Intermediate Nodes

Intermediate nodes

You sometimes find cases where you need to connect more data to a relationship than can be fully captured in the properties. In other words, you want a relationship that connects more than two nodes. Mathematics allows this, with the concept of a hyperedge. This is impossible in Neo4j, but a solution is to create intermediate nodes.

You create intermediate nodes when you need to:

  • Connect more than two nodes in a single context.

    • Hyperedges (n-ary relationships)

  • Relate something to a relationship.

  • Share data in the graph between entities.
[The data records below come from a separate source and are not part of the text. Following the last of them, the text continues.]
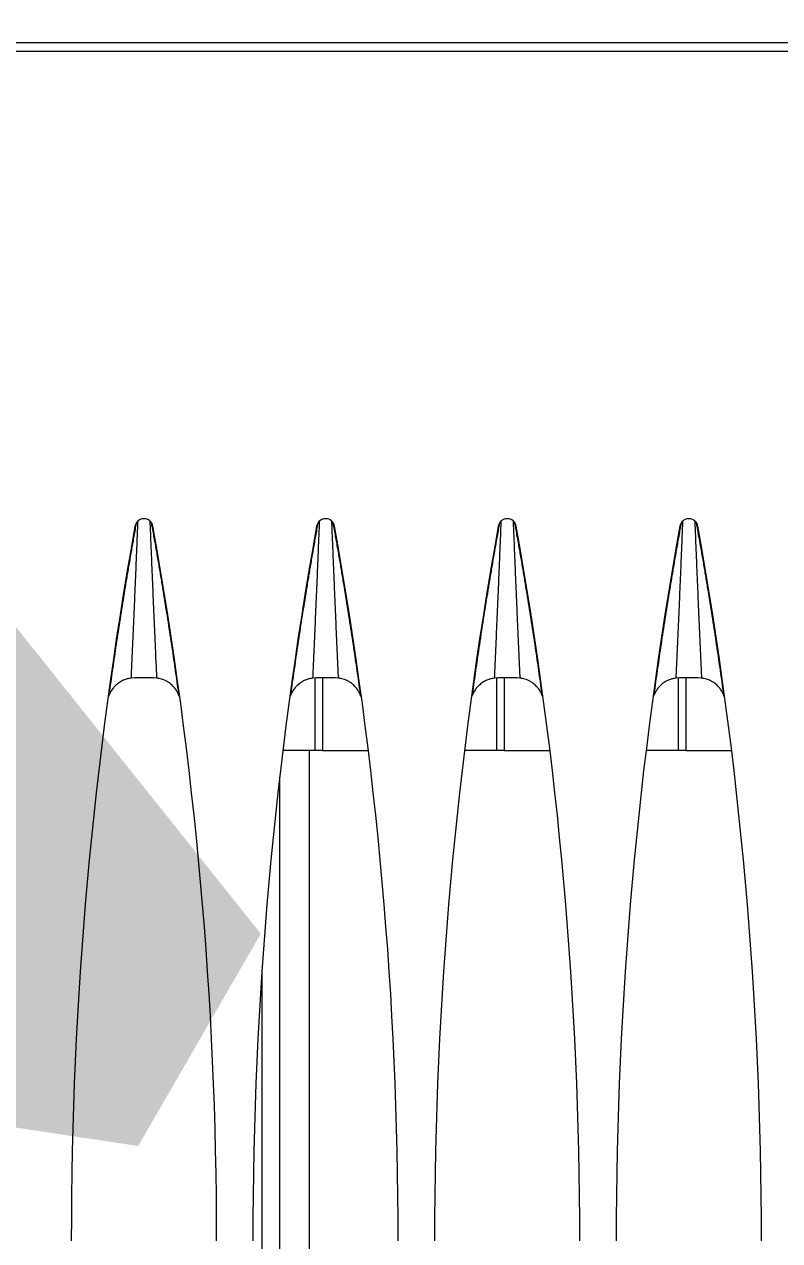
# Model space of a CAD drawing. Header units: metres. Extents: x -101133.8 to -101066.7, y -24899.3 to -24824.7.
# Drawn here: x -101108.4749 to -101108.4333, y -24833.4505 to -24833.3835 of the extents above; entities that cross this region are included whole.
import ezdxf

# ---------------------------------------------------------------- set-up
doc = ezdxf.new("R2010")
doc.units = ezdxf.units.M
doc.header["$LTSCALE"] = 0.2
doc.header["$PDSIZE"] = -5
for name, color, linetype in [('CMT-COTATION DIVERS', 1, 'Continuous'), ('CMT-CVC-MATERIEL', 30, 'Continuous'), ('CMT-PLB-EV-SOUS DALLAGE', 1, 'Continuous')]:
    doc.layers.add(name, color=color, linetype=linetype)
doc.styles.add('Arial', font='arial.ttf')
doc.styles.get("Standard").update_dxf_attribs({"font": 'arial.ttf'})
doc.dimstyles.get("Standard").update_dxf_attribs({"dimtxt": 0.18, "dimasz": 0.18, "dimexe": 0.18, "dimexo": 0.0625, "dimgap": 0.09, "dimtad": 0, "dimtih": 1, "dimtoh": 1, "dimdec": 4, "dimzin": 0, "dimdsep": 46, "dimtxsty": 'Standard', "dimcen": 0.09, "dimadec": 0, "dimazin": 0, "dimtfac": 1, "dimtdec": 4, "dimtofl": 0, "dimtmove": 0, "dimatfit": 3, "dimfxl": 1, "dimtolj": 1, "dimtzin": 0, "dimarcsym": 0})

# ---------------------------------------------------------------- blocks, each defined once
blk = doc.blocks.new('Cassette 600x600')
at = {"linetype": 'Continuous', "lineweight": 13}
for p, q in [((-20483.73, 72.805), (-20483.73, 443.205)), ((-20483.23, 443.205), (-20483.23, 72.805)), ((-20444.73, 122.832), (-20444.73, 125.361)), ((-20449.23, 124.73), (-20449.23, 124.764)), ((-20455.73, 123.702), (-20455.73, 123.736)), ((-20448.72, 123.7), (-20448.73, 123.527)), ((-20448.73, 122.832), (-20444.73, 122.832)), ((-20444.73, 122.832), (-20444.73, 122.421)), ((-20455.73, 122.274), (-20455.73, 122.308)), ((-20448.73, 122.483), (-20448.72, 122.31)), ((-20448.726, 122.421), (-20444.73, 122.421)), ((-20444.73, 122.421), (-20444.73, 120.649)), ((-20449.23, 121.246), (-20449.23, 121.28)), ((-20444.73, 112.832), (-20444.73, 115.361)), ((-20449.23, 114.73), (-20449.23, 114.764)), ((-20455.73, 113.702), (-20455.73, 113.736)), ((-20448.72, 113.7), (-20448.73, 113.527)), ((-20448.73, 112.832), (-20444.73, 112.832)), ((-20444.73, 112.832), (-20444.73, 112.421)), ((-20455.73, 112.274), (-20455.73, 112.308)), ((-20448.73, 112.483), (-20448.72, 112.31)), ((-20448.726, 112.421), (-20444.73, 112.421)), ((-20444.73, 112.421), (-20444.73, 110.649)), ((-20449.23, 111.246), (-20449.23, 111.28)), ((-20444.73, 102.832), (-20444.73, 105.361)), ((-20449.23, 104.73), (-20449.23, 104.764)), ((-20455.73, 103.702), (-20455.73, 103.736)), ((-20448.72, 103.7), (-20448.73, 103.527)), ((-20448.73, 102.832), (-20444.73, 102.832)), ((-20444.73, 102.832), (-20444.73, 102.421)), ((-20455.73, 102.274), (-20455.73, 102.308)), ((-20448.73, 102.483), (-20448.72, 102.31)), ((-20448.726, 102.421), (-20444.73, 102.421)), ((-20444.73, 102.421), (-20444.73, 100.649)), ((-20444.73, 102.102), (-20340.23, 102.102)), ((-20449.23, 101.246), (-20449.23, 101.28)), ((-20443.282, 100.477), (-20340.23, 100.477)), ((-20432.638, 99.505), (-20340.23, 99.505)), ((-20455.73, 93.702), (-20455.73, 93.736)), ((-20448.72, 93.7), (-20448.73, 93.527)), ((-20448.73, 92.483), (-20448.72, 92.31)), ((-20455.73, 92.274), (-20455.73, 92.308))]:
    blk.add_line(p, q, dxfattribs=at)
for centre, radius, start, end in [((-20417.73, -95.495), 222.5, 90, 100.18749), ((-20456.995, 123.005), 0.5, 100.18749, 259.81251), ((-20417.73, 341.505), 222.5, 259.81251, 270), ((-20417.73, -105.495), 222.5, 90, 100.18749), ((-20456.995, 113.005), 0.5, 100.18749, 259.81251), ((-20417.73, 331.505), 222.5, 259.81251, 270), ((-20417.73, -115.495), 222.5, 90, 100.18749), ((-20456.995, 103.005), 0.5, 100.18749, 259.81251), ((-20417.73, 321.505), 222.5, 259.81251, 270), ((-20417.73, -125.495), 222.5, 90, 100.18749), ((-20456.995, 93.005), 0.5, 100.18749, 259.81251), ((-20417.73, 311.505), 222.5, 259.81251, 270)]:
    blk.add_arc(centre, radius, start, end, dxfattribs=at)
for points, knots in [([(-20447.719, 124.945), (-20447.929, 124.916), (-20448.138, 124.887), (-20448.347, 124.857), (-20448.556, 124.828), (-20448.764, 124.799), (-20448.975, 124.769), (-20449.185, 124.739), (-20449.396, 124.709), (-20449.602, 124.679), (-20449.808, 124.65), (-20450.008, 124.621), (-20450.229, 124.588), (-20450.451, 124.555), (-20450.694, 124.519), (-20450.931, 124.483), (-20451.168, 124.447), (-20451.399, 124.412), (-20451.632, 124.376), (-20451.865, 124.34), (-20452.099, 124.303), (-20452.333, 124.266), (-20452.567, 124.229), (-20452.8, 124.192), (-20453.034, 124.154), (-20453.267, 124.117), (-20453.5, 124.079), (-20453.734, 124.04), (-20453.968, 124.002), (-20454.204, 123.963), (-20454.434, 123.924), (-20454.664, 123.886), (-20454.888, 123.848), (-20455.133, 123.806), (-20455.378, 123.764), (-20455.644, 123.718), (-20455.833, 123.685), (-20455.977, 123.66), (-20456.077, 123.642), (-20456.188, 123.622), (-20456.3, 123.602), (-20456.424, 123.581), (-20456.544, 123.559), (-20456.664, 123.538), (-20456.782, 123.517), (-20456.9, 123.496), (-20457.018, 123.475), (-20457.136, 123.453), (-20457.255, 123.432)], [0, 0, 0, 0, 1, 1, 1, 2, 2, 2, 3, 3, 3, 4, 4, 4, 5, 5, 5, 6, 6, 6, 7, 7, 7, 8, 8, 8, 9, 9, 9, 10, 10, 10, 11, 11, 11, 12, 12, 12, 13, 13, 13, 14, 14, 14, 15, 15, 15, 16, 16, 16, 16]), ([(-20447.719, 124.945), (-20447.727, 124.942), (-20447.735, 124.939), (-20447.743, 124.936), (-20447.751, 124.934), (-20447.759, 124.931), (-20447.767, 124.928), (-20447.775, 124.925), (-20447.783, 124.921), (-20447.79, 124.918), (-20447.798, 124.916), (-20447.805, 124.913), (-20447.814, 124.909), (-20447.836, 124.9), (-20447.871, 124.884), (-20447.901, 124.869), (-20447.932, 124.854), (-20447.958, 124.84), (-20447.984, 124.824), (-20448.011, 124.808), (-20448.039, 124.791), (-20448.063, 124.775), (-20448.088, 124.759), (-20448.109, 124.744), (-20448.137, 124.722), (-20448.166, 124.7), (-20448.202, 124.67), (-20448.233, 124.642), (-20448.265, 124.614), (-20448.293, 124.586), (-20448.32, 124.557), (-20448.348, 124.528), (-20448.375, 124.497), (-20448.398, 124.468), (-20448.422, 124.439), (-20448.442, 124.412), (-20448.467, 124.375), (-20448.493, 124.338), (-20448.523, 124.29), (-20448.548, 124.244), (-20448.574, 124.197), (-20448.595, 124.153), (-20448.614, 124.109), (-20448.633, 124.064), (-20448.649, 124.02), (-20448.664, 123.971), (-20448.678, 123.922), (-20448.691, 123.868), (-20448.698, 123.833), (-20448.701, 123.82), (-20448.703, 123.81), (-20448.705, 123.799), (-20448.706, 123.789), (-20448.708, 123.777), (-20448.71, 123.766), (-20448.712, 123.755), (-20448.713, 123.744), (-20448.715, 123.733), (-20448.717, 123.722), (-20448.718, 123.711), (-20448.72, 123.7)], [0, 0, 0, 0, 1, 1, 1, 2, 2, 2, 3, 3, 3, 4, 4, 4, 5, 5, 5, 6, 6, 6, 7, 7, 7, 8, 8, 8, 9, 9, 9, 10, 10, 10, 11, 11, 11, 12, 12, 12, 13, 13, 13, 14, 14, 14, 15, 15, 15, 16, 16, 16, 17, 17, 17, 18, 18, 18, 19, 19, 19, 20, 20, 20, 20]), ([(-20457.374, 123.331), (-20457.014, 123.346), (-20456.653, 123.36), (-20456.293, 123.375), (-20455.933, 123.39), (-20455.573, 123.404), (-20455.212, 123.419), (-20454.852, 123.434), (-20454.492, 123.449), (-20454.132, 123.464), (-20453.771, 123.479), (-20453.411, 123.494), (-20453.05, 123.509), (-20452.69, 123.524), (-20452.329, 123.54), (-20451.968, 123.556), (-20451.607, 123.571), (-20451.246, 123.587), (-20450.885, 123.603), (-20450.525, 123.619), (-20450.164, 123.635), (-20449.803, 123.651), (-20449.442, 123.668), (-20449.081, 123.684), (-20448.72, 123.7)], [0, 0, 0, 0, 1, 1, 1, 2, 2, 2, 3, 3, 3, 4, 4, 4, 5, 5, 5, 6, 6, 6, 7, 7, 7, 8, 8, 8, 8]), ([(-20448.73, 123.527), (-20448.73, 123.507), (-20448.73, 123.487), (-20448.73, 123.466), (-20448.73, 123.446), (-20448.73, 123.425), (-20448.73, 123.404), (-20448.73, 123.383), (-20448.73, 123.363), (-20448.73, 123.341), (-20448.73, 123.32), (-20448.73, 123.299), (-20448.73, 123.277), (-20448.73, 123.255), (-20448.73, 123.233), (-20448.73, 123.211), (-20448.73, 123.189), (-20448.73, 123.166), (-20448.73, 123.143), (-20448.73, 123.121), (-20448.73, 123.098), (-20448.73, 123.075), (-20448.73, 123.052), (-20448.73, 123.029), (-20448.73, 123.006), (-20448.73, 122.983), (-20448.73, 122.96), (-20448.73, 122.937), (-20448.73, 122.914), (-20448.73, 122.891), (-20448.73, 122.868), (-20448.73, 122.845), (-20448.73, 122.823), (-20448.73, 122.8), (-20448.73, 122.778), (-20448.73, 122.756), (-20448.73, 122.734), (-20448.73, 122.712), (-20448.73, 122.691), (-20448.73, 122.67), (-20448.73, 122.648), (-20448.73, 122.627), (-20448.73, 122.607), (-20448.73, 122.586), (-20448.73, 122.565), (-20448.73, 122.544), (-20448.73, 122.524), (-20448.73, 122.503), (-20448.73, 122.483)], [0, 0, 0, 0, 1, 1, 1, 2, 2, 2, 3, 3, 3, 4, 4, 4, 5, 5, 5, 6, 6, 6, 7, 7, 7, 8, 8, 8, 9, 9, 9, 10, 10, 10, 11, 11, 11, 12, 12, 12, 13, 13, 13, 14, 14, 14, 15, 15, 15, 16, 16, 16, 16]), ([(-20448.72, 122.31), (-20449.081, 122.327), (-20449.442, 122.343), (-20449.803, 122.359), (-20450.164, 122.375), (-20450.525, 122.391), (-20450.885, 122.407), (-20451.246, 122.423), (-20451.607, 122.439), (-20451.968, 122.454), (-20452.329, 122.47), (-20452.69, 122.486), (-20453.05, 122.501), (-20453.411, 122.516), (-20453.771, 122.532), (-20454.132, 122.547), (-20454.492, 122.562), (-20454.852, 122.576), (-20455.212, 122.591), (-20455.573, 122.606), (-20455.933, 122.621), (-20456.293, 122.635), (-20456.653, 122.65), (-20457.014, 122.664), (-20457.374, 122.679)], [0, 0, 0, 0, 1, 1, 1, 2, 2, 2, 3, 3, 3, 4, 4, 4, 5, 5, 5, 6, 6, 6, 7, 7, 7, 8, 8, 8, 8]), ([(-20457.255, 122.578), (-20457.136, 122.557), (-20457.018, 122.536), (-20456.9, 122.515), (-20456.782, 122.493), (-20456.664, 122.473), (-20456.544, 122.451), (-20456.424, 122.43), (-20456.3, 122.408), (-20456.188, 122.388), (-20456.077, 122.368), (-20455.977, 122.351), (-20455.833, 122.325), (-20455.644, 122.292), (-20455.378, 122.246), (-20455.133, 122.204), (-20454.889, 122.163), (-20454.664, 122.125), (-20454.434, 122.086), (-20454.204, 122.048), (-20453.968, 122.008), (-20453.734, 121.97), (-20453.5, 121.931), (-20453.267, 121.894), (-20453.034, 121.856), (-20452.8, 121.818), (-20452.567, 121.781), (-20452.333, 121.744), (-20452.099, 121.707), (-20451.865, 121.67), (-20451.632, 121.634), (-20451.399, 121.598), (-20451.168, 121.563), (-20450.931, 121.527), (-20450.694, 121.491), (-20450.451, 121.455), (-20450.229, 121.422), (-20450.008, 121.39), (-20449.808, 121.361), (-20449.602, 121.331), (-20449.396, 121.301), (-20449.185, 121.271), (-20448.975, 121.241), (-20448.764, 121.212), (-20448.556, 121.182), (-20448.347, 121.153), (-20448.138, 121.124), (-20447.929, 121.094), (-20447.719, 121.065)], [0, 0, 0, 0, 1, 1, 1, 2, 2, 2, 3, 3, 3, 4, 4, 4, 5, 5, 5, 6, 6, 6, 7, 7, 7, 8, 8, 8, 9, 9, 9, 10, 10, 10, 11, 11, 11, 12, 12, 12, 13, 13, 13, 14, 14, 14, 15, 15, 15, 16, 16, 16, 16]), ([(-20448.72, 122.31), (-20448.714, 122.279), (-20448.708, 122.248), (-20448.702, 122.217), (-20448.696, 122.186), (-20448.689, 122.155), (-20448.682, 122.124), (-20448.675, 122.092), (-20448.666, 122.061), (-20448.658, 122.031), (-20448.649, 122.001), (-20448.641, 121.974), (-20448.628, 121.939), (-20448.615, 121.904), (-20448.597, 121.862), (-20448.578, 121.823), (-20448.559, 121.783), (-20448.538, 121.746), (-20448.516, 121.709), (-20448.493, 121.672), (-20448.469, 121.635), (-20448.441, 121.598), (-20448.413, 121.56), (-20448.381, 121.521), (-20448.354, 121.49), (-20448.327, 121.459), (-20448.306, 121.437), (-20448.282, 121.412), (-20448.257, 121.388), (-20448.23, 121.363), (-20448.202, 121.339), (-20448.175, 121.315), (-20448.147, 121.293), (-20448.116, 121.27), (-20448.084, 121.248), (-20448.049, 121.225), (-20448.021, 121.208), (-20447.993, 121.192), (-20447.972, 121.181), (-20447.949, 121.169), (-20447.926, 121.157), (-20447.9, 121.145), (-20447.874, 121.133), (-20447.849, 121.121), (-20447.823, 121.11), (-20447.797, 121.098), (-20447.772, 121.087), (-20447.745, 121.076), (-20447.719, 121.065)], [0, 0, 0, 0, 1, 1, 1, 2, 2, 2, 3, 3, 3, 4, 4, 4, 5, 5, 5, 6, 6, 6, 7, 7, 7, 8, 8, 8, 9, 9, 9, 10, 10, 10, 11, 11, 11, 12, 12, 12, 13, 13, 13, 14, 14, 14, 15, 15, 15, 16, 16, 16, 16]), ([(-20447.719, 114.945), (-20447.929, 114.916), (-20448.138, 114.887), (-20448.347, 114.857), (-20448.556, 114.828), (-20448.764, 114.799), (-20448.975, 114.769), (-20449.185, 114.739), (-20449.396, 114.709), (-20449.602, 114.679), (-20449.808, 114.65), (-20450.008, 114.621), (-20450.229, 114.588), (-20450.451, 114.555), (-20450.694, 114.519), (-20450.931, 114.483), (-20451.168, 114.447), (-20451.399, 114.412), (-20451.632, 114.376), (-20451.865, 114.34), (-20452.099, 114.303), (-20452.333, 114.266), (-20452.567, 114.229), (-20452.8, 114.192), (-20453.034, 114.154), (-20453.267, 114.117), (-20453.5, 114.079), (-20453.734, 114.04), (-20453.968, 114.002), (-20454.204, 113.963), (-20454.434, 113.924), (-20454.664, 113.886), (-20454.888, 113.848), (-20455.133, 113.806), (-20455.378, 113.764), (-20455.644, 113.718), (-20455.833, 113.685), (-20455.977, 113.66), (-20456.077, 113.642), (-20456.188, 113.622), (-20456.3, 113.602), (-20456.424, 113.581), (-20456.544, 113.559), (-20456.664, 113.538), (-20456.782, 113.517), (-20456.9, 113.496), (-20457.018, 113.475), (-20457.136, 113.453), (-20457.255, 113.432)], [0, 0, 0, 0, 1, 1, 1, 2, 2, 2, 3, 3, 3, 4, 4, 4, 5, 5, 5, 6, 6, 6, 7, 7, 7, 8, 8, 8, 9, 9, 9, 10, 10, 10, 11, 11, 11, 12, 12, 12, 13, 13, 13, 14, 14, 14, 15, 15, 15, 16, 16, 16, 16]), ([(-20447.719, 114.945), (-20447.727, 114.942), (-20447.735, 114.939), (-20447.743, 114.936), (-20447.751, 114.934), (-20447.759, 114.931), (-20447.767, 114.928), (-20447.775, 114.925), (-20447.783, 114.921), (-20447.79, 114.918), (-20447.798, 114.916), (-20447.805, 114.913), (-20447.814, 114.909), (-20447.836, 114.9), (-20447.871, 114.884), (-20447.901, 114.869), (-20447.932, 114.854), (-20447.958, 114.84), (-20447.984, 114.824), (-20448.011, 114.808), (-20448.039, 114.791), (-20448.063, 114.775), (-20448.088, 114.759), (-20448.109, 114.744), (-20448.137, 114.722), (-20448.166, 114.7), (-20448.202, 114.67), (-20448.233, 114.642), (-20448.265, 114.614), (-20448.293, 114.586), (-20448.32, 114.557), (-20448.348, 114.528), (-20448.375, 114.497), (-20448.398, 114.468), (-20448.422, 114.439), (-20448.442, 114.412), (-20448.467, 114.375), (-20448.493, 114.338), (-20448.523, 114.29), (-20448.548, 114.244), (-20448.574, 114.197), (-20448.595, 114.153), (-20448.614, 114.109), (-20448.633, 114.064), (-20448.649, 114.02), (-20448.664, 113.971), (-20448.678, 113.922), (-20448.691, 113.868), (-20448.698, 113.833), (-20448.701, 113.82), (-20448.703, 113.81), (-20448.705, 113.799), (-20448.706, 113.789), (-20448.708, 113.777), (-20448.71, 113.766), (-20448.712, 113.755), (-20448.713, 113.744), (-20448.715, 113.733), (-20448.717, 113.722), (-20448.718, 113.711), (-20448.72, 113.7)], [0, 0, 0, 0, 1, 1, 1, 2, 2, 2, 3, 3, 3, 4, 4, 4, 5, 5, 5, 6, 6, 6, 7, 7, 7, 8, 8, 8, 9, 9, 9, 10, 10, 10, 11, 11, 11, 12, 12, 12, 13, 13, 13, 14, 14, 14, 15, 15, 15, 16, 16, 16, 17, 17, 17, 18, 18, 18, 19, 19, 19, 20, 20, 20, 20]), ([(-20457.374, 113.331), (-20457.014, 113.346), (-20456.653, 113.36), (-20456.293, 113.375), (-20455.933, 113.39), (-20455.573, 113.404), (-20455.212, 113.419), (-20454.852, 113.434), (-20454.492, 113.449), (-20454.132, 113.464), (-20453.771, 113.479), (-20453.411, 113.494), (-20453.05, 113.509), (-20452.69, 113.524), (-20452.329, 113.54), (-20451.968, 113.556), (-20451.607, 113.571), (-20451.246, 113.587), (-20450.885, 113.603), (-20450.525, 113.619), (-20450.164, 113.635), (-20449.803, 113.651), (-20449.442, 113.668), (-20449.081, 113.684), (-20448.72, 113.7)], [0, 0, 0, 0, 1, 1, 1, 2, 2, 2, 3, 3, 3, 4, 4, 4, 5, 5, 5, 6, 6, 6, 7, 7, 7, 8, 8, 8, 8]), ([(-20448.73, 113.527), (-20448.73, 113.507), (-20448.73, 113.487), (-20448.73, 113.466), (-20448.73, 113.446), (-20448.73, 113.425), (-20448.73, 113.404), (-20448.73, 113.383), (-20448.73, 113.363), (-20448.73, 113.341), (-20448.73, 113.32), (-20448.73, 113.299), (-20448.73, 113.277), (-20448.73, 113.255), (-20448.73, 113.233), (-20448.73, 113.211), (-20448.73, 113.189), (-20448.73, 113.166), (-20448.73, 113.143), (-20448.73, 113.121), (-20448.73, 113.098), (-20448.73, 113.075), (-20448.73, 113.052), (-20448.73, 113.029), (-20448.73, 113.006), (-20448.73, 112.983), (-20448.73, 112.96), (-20448.73, 112.937), (-20448.73, 112.914), (-20448.73, 112.891), (-20448.73, 112.868), (-20448.73, 112.845), (-20448.73, 112.823), (-20448.73, 112.8), (-20448.73, 112.778), (-20448.73, 112.756), (-20448.73, 112.734), (-20448.73, 112.712), (-20448.73, 112.691), (-20448.73, 112.67), (-20448.73, 112.648), (-20448.73, 112.627), (-20448.73, 112.607), (-20448.73, 112.586), (-20448.73, 112.565), (-20448.73, 112.544), (-20448.73, 112.524), (-20448.73, 112.503), (-20448.73, 112.483)], [0, 0, 0, 0, 1, 1, 1, 2, 2, 2, 3, 3, 3, 4, 4, 4, 5, 5, 5, 6, 6, 6, 7, 7, 7, 8, 8, 8, 9, 9, 9, 10, 10, 10, 11, 11, 11, 12, 12, 12, 13, 13, 13, 14, 14, 14, 15, 15, 15, 16, 16, 16, 16]), ([(-20448.72, 112.31), (-20449.081, 112.327), (-20449.442, 112.343), (-20449.803, 112.359), (-20450.164, 112.375), (-20450.525, 112.391), (-20450.885, 112.407), (-20451.246, 112.423), (-20451.607, 112.439), (-20451.968, 112.454), (-20452.329, 112.47), (-20452.69, 112.486), (-20453.05, 112.501), (-20453.411, 112.516), (-20453.771, 112.532), (-20454.132, 112.547), (-20454.492, 112.562), (-20454.852, 112.577), (-20455.212, 112.591), (-20455.573, 112.606), (-20455.933, 112.621), (-20456.293, 112.635), (-20456.653, 112.65), (-20457.014, 112.664), (-20457.374, 112.679)], [0, 0, 0, 0, 1, 1, 1, 2, 2, 2, 3, 3, 3, 4, 4, 4, 5, 5, 5, 6, 6, 6, 7, 7, 7, 8, 8, 8, 8]), ([(-20457.255, 112.578), (-20457.136, 112.557), (-20457.018, 112.536), (-20456.9, 112.515), (-20456.782, 112.493), (-20456.664, 112.473), (-20456.544, 112.451), (-20456.424, 112.43), (-20456.3, 112.408), (-20456.188, 112.388), (-20456.077, 112.368), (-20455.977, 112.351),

These three use cases are used to make the graphs relationships more meaningful and sharable between nodes.

Example: Need for intermediate nodes

Here is an example instance model:

IntermediateNodesBefore

Here we have the WORKS_AT hyperedge that has the from and to properties, but we need to associate the role with this period of work. In Neo4j, there is no way to create a relationship that connects a relationship to a third node. Neo4j relationships can only connect two nodes.

Adding an intermediate node to the model

IntermediateNodesAfter

The solution is to replace the hyperedge with a connection point node. Since nodes are connection points, you simply create a node in the middle of the hyperedge.

In this example, we replace the WORKS_AT hyperedge with an Employment intermediate node. This provides a connection point that allows us to connect any amount of information to Mary’s term of employment at Acme. In addition, Person nodes can have a shared Role or Company, and allow us to very easily trace either the full details of a single person’s career, or the overlap between different individuals.

Example: Intermediate nodes for sharing data

In many cases relationships can share data which enables your graph to contain less duplicate data.

Here is what the graph looks like before we refactor it:

Sharing data before

Intermediate nodes also allow you to deduplicate information. We mentioned a similar principle when we discussed fanout where splitting a property onto its own node allows you to reference it via a relationship instead of a repeated property.

Sharing data after

In this case, the Email intermediate node spares us having to repeat the email content on every single relationship.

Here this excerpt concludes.